**Exercise objective**
Write out again, exactly as they appear, the lines from the start of the data below through the line with "line L13 (7.5, 47.5) -> (7.5, 92.5)"; no pictures.

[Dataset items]

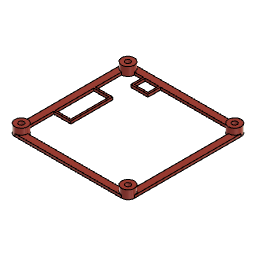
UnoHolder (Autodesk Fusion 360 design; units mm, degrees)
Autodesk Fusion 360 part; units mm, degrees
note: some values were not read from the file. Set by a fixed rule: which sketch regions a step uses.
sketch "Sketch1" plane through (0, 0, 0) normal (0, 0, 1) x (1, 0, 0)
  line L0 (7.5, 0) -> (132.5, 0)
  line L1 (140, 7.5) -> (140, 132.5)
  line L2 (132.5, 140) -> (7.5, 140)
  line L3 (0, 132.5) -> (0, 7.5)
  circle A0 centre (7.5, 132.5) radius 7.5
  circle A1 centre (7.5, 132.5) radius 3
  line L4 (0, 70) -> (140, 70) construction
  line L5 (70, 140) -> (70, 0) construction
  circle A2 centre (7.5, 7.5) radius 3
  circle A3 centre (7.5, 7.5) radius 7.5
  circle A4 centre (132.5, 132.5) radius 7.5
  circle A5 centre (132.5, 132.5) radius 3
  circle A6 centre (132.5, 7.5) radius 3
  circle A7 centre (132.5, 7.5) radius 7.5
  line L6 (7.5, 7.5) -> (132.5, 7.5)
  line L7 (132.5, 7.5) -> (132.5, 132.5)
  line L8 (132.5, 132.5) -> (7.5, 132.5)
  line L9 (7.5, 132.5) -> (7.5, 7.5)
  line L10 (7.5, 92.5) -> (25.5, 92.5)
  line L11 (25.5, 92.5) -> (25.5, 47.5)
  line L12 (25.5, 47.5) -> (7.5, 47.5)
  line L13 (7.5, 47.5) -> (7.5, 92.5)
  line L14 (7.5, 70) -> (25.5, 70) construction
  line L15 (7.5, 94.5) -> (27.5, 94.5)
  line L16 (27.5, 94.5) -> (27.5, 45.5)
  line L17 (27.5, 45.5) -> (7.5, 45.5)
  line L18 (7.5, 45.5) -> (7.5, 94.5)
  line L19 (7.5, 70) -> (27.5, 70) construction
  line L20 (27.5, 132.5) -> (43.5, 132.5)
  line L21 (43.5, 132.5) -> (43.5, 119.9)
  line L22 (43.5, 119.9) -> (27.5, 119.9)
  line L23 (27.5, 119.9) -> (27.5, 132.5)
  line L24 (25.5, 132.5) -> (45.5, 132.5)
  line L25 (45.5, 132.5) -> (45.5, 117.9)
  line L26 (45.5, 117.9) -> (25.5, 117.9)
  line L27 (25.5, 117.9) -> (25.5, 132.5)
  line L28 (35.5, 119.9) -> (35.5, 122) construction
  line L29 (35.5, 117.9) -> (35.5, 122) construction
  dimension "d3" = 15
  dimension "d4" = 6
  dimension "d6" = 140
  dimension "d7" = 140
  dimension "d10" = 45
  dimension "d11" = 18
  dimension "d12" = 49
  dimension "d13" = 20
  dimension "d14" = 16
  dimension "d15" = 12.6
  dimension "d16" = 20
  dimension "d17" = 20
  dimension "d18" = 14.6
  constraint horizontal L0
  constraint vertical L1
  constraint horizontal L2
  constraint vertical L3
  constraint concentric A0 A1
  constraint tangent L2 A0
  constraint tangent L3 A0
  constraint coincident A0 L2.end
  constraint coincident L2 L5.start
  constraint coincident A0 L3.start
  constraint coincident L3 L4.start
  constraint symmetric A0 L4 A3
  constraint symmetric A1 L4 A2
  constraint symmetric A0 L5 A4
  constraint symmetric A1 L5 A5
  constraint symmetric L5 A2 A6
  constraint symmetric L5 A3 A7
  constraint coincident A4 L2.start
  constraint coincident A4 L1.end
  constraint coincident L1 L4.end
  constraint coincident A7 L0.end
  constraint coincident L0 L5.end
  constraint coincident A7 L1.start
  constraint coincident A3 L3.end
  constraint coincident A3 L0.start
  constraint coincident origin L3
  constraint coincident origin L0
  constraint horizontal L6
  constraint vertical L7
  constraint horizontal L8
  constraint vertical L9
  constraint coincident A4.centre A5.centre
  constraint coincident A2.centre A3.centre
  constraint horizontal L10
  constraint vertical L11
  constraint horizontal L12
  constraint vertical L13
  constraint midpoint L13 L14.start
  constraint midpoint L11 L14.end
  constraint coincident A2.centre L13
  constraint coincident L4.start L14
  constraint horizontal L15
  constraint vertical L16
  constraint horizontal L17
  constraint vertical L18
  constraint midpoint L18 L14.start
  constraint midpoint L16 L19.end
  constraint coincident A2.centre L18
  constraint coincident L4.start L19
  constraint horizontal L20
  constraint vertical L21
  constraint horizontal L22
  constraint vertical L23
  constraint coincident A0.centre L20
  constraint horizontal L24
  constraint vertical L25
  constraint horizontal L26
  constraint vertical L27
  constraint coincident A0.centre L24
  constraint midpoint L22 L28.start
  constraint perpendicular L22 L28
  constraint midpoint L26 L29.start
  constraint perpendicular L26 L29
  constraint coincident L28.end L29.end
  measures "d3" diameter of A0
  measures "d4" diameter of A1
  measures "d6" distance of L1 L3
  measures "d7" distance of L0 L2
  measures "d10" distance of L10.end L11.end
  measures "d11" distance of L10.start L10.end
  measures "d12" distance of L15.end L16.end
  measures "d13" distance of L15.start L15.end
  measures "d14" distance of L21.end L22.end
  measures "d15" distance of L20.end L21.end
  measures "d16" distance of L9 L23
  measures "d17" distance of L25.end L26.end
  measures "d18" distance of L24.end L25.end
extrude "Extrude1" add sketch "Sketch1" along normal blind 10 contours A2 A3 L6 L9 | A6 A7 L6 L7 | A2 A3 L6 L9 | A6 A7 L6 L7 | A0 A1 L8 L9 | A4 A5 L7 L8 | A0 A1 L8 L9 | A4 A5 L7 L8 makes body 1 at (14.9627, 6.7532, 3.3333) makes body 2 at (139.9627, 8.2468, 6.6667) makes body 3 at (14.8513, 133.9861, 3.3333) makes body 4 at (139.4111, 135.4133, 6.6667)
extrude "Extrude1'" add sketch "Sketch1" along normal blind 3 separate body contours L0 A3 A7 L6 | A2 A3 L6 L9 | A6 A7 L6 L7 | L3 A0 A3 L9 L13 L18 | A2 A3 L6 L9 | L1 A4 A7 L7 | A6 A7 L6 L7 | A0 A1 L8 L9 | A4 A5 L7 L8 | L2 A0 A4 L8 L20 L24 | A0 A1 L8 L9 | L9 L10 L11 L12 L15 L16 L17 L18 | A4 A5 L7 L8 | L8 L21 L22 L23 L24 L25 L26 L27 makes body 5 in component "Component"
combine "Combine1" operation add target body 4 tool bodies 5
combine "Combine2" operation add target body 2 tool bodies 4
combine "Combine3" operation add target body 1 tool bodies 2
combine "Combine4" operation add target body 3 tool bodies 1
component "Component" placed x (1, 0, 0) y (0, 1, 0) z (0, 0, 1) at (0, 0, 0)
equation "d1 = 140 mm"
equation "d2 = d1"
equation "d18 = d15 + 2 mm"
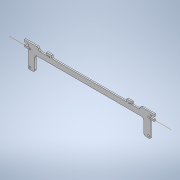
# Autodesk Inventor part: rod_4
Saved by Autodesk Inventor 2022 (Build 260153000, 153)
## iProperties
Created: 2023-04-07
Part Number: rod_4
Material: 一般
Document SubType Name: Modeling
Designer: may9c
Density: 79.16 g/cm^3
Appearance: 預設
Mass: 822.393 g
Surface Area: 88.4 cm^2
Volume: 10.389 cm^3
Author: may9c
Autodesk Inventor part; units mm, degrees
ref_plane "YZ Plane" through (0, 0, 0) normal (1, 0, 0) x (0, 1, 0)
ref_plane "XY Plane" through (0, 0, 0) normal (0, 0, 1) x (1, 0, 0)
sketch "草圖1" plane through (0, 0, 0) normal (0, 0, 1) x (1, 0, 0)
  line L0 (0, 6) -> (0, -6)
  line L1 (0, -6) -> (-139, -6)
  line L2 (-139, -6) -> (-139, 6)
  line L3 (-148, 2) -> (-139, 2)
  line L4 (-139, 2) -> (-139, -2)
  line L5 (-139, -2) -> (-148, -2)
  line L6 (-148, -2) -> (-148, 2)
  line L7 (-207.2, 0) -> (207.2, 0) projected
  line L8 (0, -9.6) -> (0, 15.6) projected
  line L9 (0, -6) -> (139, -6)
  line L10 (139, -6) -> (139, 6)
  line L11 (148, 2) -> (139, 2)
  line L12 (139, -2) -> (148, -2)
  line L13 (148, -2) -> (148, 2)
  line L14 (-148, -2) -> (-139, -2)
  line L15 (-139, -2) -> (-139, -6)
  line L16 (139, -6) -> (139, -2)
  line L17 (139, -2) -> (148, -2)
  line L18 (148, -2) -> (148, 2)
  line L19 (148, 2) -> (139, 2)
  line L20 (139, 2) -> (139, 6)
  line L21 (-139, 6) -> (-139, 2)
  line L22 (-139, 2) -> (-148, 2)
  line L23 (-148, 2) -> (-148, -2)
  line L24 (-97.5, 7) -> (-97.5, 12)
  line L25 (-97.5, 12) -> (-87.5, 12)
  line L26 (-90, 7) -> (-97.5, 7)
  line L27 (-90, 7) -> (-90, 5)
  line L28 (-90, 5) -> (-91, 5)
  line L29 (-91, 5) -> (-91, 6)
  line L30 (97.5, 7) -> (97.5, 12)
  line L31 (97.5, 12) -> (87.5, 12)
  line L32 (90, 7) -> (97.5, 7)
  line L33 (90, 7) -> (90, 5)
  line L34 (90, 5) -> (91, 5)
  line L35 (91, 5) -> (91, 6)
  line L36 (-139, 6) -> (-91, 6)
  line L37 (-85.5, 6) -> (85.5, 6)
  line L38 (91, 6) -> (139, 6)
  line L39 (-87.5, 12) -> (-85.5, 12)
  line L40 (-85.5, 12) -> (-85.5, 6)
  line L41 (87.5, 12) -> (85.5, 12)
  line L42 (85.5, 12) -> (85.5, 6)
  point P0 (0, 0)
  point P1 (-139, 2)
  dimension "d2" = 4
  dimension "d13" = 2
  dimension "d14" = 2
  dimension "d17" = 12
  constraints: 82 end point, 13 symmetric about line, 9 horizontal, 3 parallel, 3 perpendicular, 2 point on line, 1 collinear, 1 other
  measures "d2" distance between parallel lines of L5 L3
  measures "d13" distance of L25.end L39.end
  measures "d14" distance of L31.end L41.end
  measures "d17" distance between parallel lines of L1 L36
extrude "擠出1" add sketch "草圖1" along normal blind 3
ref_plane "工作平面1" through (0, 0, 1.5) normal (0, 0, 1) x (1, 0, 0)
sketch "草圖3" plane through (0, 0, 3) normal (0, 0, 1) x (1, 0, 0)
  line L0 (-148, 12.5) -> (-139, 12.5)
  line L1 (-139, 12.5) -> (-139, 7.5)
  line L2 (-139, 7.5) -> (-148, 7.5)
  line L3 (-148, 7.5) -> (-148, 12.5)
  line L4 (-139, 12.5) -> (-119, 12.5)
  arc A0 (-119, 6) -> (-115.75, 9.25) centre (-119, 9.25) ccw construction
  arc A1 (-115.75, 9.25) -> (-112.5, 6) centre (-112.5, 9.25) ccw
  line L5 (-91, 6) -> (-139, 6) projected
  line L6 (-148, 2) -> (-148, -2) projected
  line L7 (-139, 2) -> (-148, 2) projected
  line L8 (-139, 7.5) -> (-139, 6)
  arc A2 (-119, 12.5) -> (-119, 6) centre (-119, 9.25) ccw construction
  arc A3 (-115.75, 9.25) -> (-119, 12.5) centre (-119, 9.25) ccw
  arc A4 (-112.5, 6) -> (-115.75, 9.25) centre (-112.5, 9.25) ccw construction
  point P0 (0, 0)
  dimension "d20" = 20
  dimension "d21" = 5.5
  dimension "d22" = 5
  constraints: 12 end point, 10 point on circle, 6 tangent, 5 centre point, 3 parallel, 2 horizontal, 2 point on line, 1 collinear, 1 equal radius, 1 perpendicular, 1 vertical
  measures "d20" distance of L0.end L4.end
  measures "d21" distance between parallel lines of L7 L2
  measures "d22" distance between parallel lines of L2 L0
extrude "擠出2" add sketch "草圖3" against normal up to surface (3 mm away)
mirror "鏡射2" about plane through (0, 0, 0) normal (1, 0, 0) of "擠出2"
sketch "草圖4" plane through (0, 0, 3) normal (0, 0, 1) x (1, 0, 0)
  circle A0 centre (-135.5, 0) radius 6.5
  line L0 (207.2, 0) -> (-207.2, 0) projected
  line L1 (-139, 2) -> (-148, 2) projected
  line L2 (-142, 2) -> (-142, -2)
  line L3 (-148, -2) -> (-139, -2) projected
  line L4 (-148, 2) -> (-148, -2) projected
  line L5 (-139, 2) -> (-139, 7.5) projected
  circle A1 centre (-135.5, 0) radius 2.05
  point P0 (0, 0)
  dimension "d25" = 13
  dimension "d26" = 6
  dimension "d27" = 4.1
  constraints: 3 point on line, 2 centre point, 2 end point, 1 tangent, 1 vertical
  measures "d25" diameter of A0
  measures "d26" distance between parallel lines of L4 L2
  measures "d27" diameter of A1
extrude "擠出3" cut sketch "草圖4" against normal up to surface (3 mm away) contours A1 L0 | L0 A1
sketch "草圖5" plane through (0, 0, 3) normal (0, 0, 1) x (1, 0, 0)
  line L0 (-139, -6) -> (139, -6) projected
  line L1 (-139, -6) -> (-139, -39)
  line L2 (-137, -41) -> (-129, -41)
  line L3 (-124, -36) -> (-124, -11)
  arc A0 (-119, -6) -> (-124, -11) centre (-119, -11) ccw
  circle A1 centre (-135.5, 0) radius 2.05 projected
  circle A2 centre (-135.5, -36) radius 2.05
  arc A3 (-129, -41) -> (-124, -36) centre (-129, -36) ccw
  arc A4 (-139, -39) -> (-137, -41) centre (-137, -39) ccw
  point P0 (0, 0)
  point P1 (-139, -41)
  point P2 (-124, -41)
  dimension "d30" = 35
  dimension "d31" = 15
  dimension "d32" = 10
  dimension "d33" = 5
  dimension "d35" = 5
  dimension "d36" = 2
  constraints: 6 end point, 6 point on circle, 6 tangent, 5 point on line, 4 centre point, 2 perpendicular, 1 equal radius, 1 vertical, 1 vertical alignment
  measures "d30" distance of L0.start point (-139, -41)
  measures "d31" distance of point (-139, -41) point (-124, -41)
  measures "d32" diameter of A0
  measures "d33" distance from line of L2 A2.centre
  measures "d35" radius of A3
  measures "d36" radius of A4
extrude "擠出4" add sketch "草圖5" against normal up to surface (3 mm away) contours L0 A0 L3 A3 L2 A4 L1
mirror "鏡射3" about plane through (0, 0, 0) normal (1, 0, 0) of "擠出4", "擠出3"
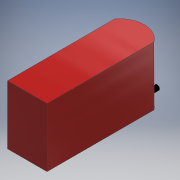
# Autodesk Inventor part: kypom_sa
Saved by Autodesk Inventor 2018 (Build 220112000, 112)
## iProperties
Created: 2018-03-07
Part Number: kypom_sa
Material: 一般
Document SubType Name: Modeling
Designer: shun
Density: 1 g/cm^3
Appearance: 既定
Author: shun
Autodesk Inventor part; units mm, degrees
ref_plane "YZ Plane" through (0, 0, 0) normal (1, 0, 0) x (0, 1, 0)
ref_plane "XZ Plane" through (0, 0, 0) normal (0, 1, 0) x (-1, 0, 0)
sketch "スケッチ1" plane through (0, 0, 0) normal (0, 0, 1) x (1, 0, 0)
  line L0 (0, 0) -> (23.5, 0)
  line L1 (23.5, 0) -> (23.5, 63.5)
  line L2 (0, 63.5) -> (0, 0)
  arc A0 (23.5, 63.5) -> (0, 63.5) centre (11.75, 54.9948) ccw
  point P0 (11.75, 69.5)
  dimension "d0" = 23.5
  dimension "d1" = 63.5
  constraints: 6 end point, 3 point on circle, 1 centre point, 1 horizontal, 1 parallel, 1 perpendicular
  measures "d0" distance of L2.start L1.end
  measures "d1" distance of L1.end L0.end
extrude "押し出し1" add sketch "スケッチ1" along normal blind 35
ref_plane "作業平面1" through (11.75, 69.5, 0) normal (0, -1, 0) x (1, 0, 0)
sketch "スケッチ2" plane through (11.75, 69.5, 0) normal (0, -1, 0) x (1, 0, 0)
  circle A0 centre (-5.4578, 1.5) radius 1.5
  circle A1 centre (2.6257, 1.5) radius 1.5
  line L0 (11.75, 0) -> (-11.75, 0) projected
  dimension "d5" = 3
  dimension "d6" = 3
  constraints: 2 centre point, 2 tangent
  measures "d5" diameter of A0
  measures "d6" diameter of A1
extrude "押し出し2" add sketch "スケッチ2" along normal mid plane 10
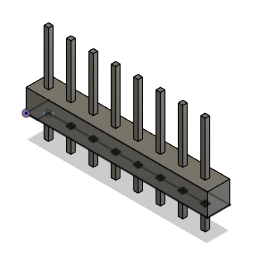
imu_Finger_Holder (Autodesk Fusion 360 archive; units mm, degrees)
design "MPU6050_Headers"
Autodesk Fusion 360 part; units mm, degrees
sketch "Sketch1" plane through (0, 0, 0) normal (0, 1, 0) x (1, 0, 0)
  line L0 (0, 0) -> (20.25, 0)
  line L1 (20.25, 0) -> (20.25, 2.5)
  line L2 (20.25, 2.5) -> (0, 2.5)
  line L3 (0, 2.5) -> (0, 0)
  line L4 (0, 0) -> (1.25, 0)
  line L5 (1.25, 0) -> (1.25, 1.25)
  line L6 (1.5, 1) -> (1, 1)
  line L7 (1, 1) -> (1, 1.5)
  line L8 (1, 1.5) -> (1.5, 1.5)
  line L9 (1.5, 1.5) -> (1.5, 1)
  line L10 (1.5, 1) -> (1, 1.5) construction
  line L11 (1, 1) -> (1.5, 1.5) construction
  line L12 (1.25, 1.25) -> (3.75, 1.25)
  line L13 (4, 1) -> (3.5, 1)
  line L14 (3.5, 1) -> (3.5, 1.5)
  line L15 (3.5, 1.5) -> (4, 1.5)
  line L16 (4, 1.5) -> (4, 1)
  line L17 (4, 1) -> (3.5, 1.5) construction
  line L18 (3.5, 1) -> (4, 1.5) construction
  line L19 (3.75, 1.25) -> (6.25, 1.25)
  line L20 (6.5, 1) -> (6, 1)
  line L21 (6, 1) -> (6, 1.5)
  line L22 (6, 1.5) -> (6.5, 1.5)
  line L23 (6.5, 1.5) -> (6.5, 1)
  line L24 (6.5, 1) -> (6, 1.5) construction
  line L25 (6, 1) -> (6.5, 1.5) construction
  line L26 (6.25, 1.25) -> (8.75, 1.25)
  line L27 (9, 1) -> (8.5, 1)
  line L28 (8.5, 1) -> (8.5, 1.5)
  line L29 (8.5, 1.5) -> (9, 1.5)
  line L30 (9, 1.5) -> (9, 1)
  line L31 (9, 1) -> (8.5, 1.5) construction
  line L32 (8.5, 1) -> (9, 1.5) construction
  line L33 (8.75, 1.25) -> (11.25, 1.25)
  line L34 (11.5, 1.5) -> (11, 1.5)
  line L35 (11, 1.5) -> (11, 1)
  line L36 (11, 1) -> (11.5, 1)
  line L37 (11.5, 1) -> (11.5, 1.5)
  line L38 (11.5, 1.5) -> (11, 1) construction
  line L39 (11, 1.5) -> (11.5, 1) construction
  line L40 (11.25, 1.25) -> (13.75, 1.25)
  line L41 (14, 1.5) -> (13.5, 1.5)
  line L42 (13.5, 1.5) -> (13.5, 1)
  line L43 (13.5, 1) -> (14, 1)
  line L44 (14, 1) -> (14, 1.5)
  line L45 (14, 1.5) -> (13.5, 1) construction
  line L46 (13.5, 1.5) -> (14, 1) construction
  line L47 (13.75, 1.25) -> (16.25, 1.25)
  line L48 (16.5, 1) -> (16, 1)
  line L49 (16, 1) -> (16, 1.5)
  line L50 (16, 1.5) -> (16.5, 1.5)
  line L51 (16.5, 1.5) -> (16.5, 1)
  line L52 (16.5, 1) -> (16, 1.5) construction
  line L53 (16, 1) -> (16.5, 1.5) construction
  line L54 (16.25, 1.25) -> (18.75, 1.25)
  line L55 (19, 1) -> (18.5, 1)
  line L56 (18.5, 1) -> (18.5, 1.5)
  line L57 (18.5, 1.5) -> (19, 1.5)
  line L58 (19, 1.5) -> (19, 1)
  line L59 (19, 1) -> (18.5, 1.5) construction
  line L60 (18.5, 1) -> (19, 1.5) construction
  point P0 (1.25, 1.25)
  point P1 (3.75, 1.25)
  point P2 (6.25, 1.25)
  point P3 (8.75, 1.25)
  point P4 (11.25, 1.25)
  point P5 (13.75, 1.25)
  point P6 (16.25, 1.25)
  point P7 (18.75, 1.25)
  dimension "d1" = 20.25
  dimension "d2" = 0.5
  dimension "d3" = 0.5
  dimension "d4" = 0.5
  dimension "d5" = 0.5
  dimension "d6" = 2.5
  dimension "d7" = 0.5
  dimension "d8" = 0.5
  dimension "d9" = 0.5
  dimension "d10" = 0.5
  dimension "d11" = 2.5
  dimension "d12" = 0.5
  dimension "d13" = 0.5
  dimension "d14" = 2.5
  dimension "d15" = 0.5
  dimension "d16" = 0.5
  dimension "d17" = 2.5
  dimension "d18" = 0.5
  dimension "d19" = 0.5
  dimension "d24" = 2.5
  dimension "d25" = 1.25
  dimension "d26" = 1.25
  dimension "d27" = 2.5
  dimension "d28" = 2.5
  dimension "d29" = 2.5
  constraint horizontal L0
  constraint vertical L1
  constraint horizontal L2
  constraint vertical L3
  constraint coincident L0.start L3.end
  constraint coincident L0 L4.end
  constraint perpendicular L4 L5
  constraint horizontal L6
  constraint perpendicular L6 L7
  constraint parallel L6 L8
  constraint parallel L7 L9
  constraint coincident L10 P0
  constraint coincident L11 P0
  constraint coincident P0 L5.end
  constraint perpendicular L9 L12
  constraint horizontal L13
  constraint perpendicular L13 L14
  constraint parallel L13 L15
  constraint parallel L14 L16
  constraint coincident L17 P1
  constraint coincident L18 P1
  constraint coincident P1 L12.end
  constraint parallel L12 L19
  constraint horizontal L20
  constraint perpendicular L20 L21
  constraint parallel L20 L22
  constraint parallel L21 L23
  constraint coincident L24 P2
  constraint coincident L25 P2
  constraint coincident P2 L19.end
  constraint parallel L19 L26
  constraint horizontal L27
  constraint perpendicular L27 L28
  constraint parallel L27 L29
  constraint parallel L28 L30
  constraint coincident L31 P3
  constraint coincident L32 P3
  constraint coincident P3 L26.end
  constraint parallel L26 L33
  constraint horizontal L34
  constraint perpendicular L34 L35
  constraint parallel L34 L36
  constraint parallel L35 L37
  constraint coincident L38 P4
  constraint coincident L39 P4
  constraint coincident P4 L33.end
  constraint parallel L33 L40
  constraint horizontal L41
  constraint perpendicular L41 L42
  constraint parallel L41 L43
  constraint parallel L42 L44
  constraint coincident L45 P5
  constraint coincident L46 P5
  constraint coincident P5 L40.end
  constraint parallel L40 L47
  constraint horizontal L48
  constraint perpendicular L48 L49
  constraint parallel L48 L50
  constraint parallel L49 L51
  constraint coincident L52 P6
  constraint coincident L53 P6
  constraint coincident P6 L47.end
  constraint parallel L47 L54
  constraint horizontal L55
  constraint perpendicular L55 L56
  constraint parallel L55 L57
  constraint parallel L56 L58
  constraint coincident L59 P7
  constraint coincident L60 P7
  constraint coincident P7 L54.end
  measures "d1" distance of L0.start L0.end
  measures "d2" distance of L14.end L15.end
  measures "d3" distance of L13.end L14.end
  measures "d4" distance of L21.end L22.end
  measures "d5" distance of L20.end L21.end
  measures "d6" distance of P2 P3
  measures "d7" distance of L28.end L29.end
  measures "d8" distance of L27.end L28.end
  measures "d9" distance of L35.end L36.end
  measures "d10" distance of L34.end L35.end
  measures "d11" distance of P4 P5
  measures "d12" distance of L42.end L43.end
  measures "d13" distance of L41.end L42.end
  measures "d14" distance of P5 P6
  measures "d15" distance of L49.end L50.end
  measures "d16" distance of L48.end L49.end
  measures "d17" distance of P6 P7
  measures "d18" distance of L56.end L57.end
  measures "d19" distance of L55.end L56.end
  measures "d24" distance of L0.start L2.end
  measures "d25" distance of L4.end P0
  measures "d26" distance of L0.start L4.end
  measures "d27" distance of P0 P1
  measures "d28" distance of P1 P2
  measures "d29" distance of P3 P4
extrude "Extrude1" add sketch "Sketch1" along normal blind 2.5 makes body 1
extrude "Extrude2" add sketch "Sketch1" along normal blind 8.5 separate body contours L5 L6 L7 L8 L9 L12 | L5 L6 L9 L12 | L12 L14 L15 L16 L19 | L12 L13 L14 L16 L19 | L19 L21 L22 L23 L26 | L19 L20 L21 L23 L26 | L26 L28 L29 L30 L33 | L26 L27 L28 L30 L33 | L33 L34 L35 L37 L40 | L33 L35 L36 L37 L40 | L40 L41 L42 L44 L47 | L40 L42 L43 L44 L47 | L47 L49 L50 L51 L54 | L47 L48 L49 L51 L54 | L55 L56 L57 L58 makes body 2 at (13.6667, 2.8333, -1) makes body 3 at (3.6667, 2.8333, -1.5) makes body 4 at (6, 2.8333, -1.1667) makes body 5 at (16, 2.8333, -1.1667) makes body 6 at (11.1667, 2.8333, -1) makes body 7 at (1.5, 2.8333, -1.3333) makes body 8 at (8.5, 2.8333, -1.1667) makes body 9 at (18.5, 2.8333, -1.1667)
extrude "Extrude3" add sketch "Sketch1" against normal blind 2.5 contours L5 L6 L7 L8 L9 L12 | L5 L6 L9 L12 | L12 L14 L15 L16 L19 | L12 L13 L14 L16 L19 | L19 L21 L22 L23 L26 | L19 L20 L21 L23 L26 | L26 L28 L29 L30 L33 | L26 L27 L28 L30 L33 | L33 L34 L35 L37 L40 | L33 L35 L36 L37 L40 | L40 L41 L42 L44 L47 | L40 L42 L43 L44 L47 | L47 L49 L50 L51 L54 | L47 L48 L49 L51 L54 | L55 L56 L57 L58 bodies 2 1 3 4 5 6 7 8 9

**Problem solution**
UnoHolder (Autodesk Fusion 360 design; units mm, degrees)
Autodesk Fusion 360 part; units mm, degrees
note: some values were not read from the file. Set by a fixed rule: which sketch regions a step uses.
sketch "Sketch1" plane through (0, 0, 0) normal (0, 0, 1) x (1, 0, 0)
  line L0 (7.5, 0) -> (132.5, 0)
  line L1 (140, 7.5) -> (140, 132.5)
  line L2 (132.5, 140) -> (7.5, 140)
  line L3 (0, 132.5) -> (0, 7.5)
  circle A0 centre (7.5, 132.5) radius 7.5
  circle A1 centre (7.5, 132.5) radius 3
  line L4 (0, 70) -> (140, 70) construction
  line L5 (70, 140) -> (70, 0) construction
  circle A2 centre (7.5, 7.5) radius 3
  circle A3 centre (7.5, 7.5) radius 7.5
  circle A4 centre (132.5, 132.5) radius 7.5
  circle A5 centre (132.5, 132.5) radius 3
  circle A6 centre (132.5, 7.5) radius 3
  circle A7 centre (132.5, 7.5) radius 7.5
  line L6 (7.5, 7.5) -> (132.5, 7.5)
  line L7 (132.5, 7.5) -> (132.5, 132.5)
  line L8 (132.5, 132.5) -> (7.5, 132.5)
  line L9 (7.5, 132.5) -> (7.5, 7.5)
  line L10 (7.5, 92.5) -> (25.5, 92.5)
  line L11 (25.5, 92.5) -> (25.5, 47.5)
  line L12 (25.5, 47.5) -> (7.5, 47.5)
  line L13 (7.5, 47.5) -> (7.5, 92.5)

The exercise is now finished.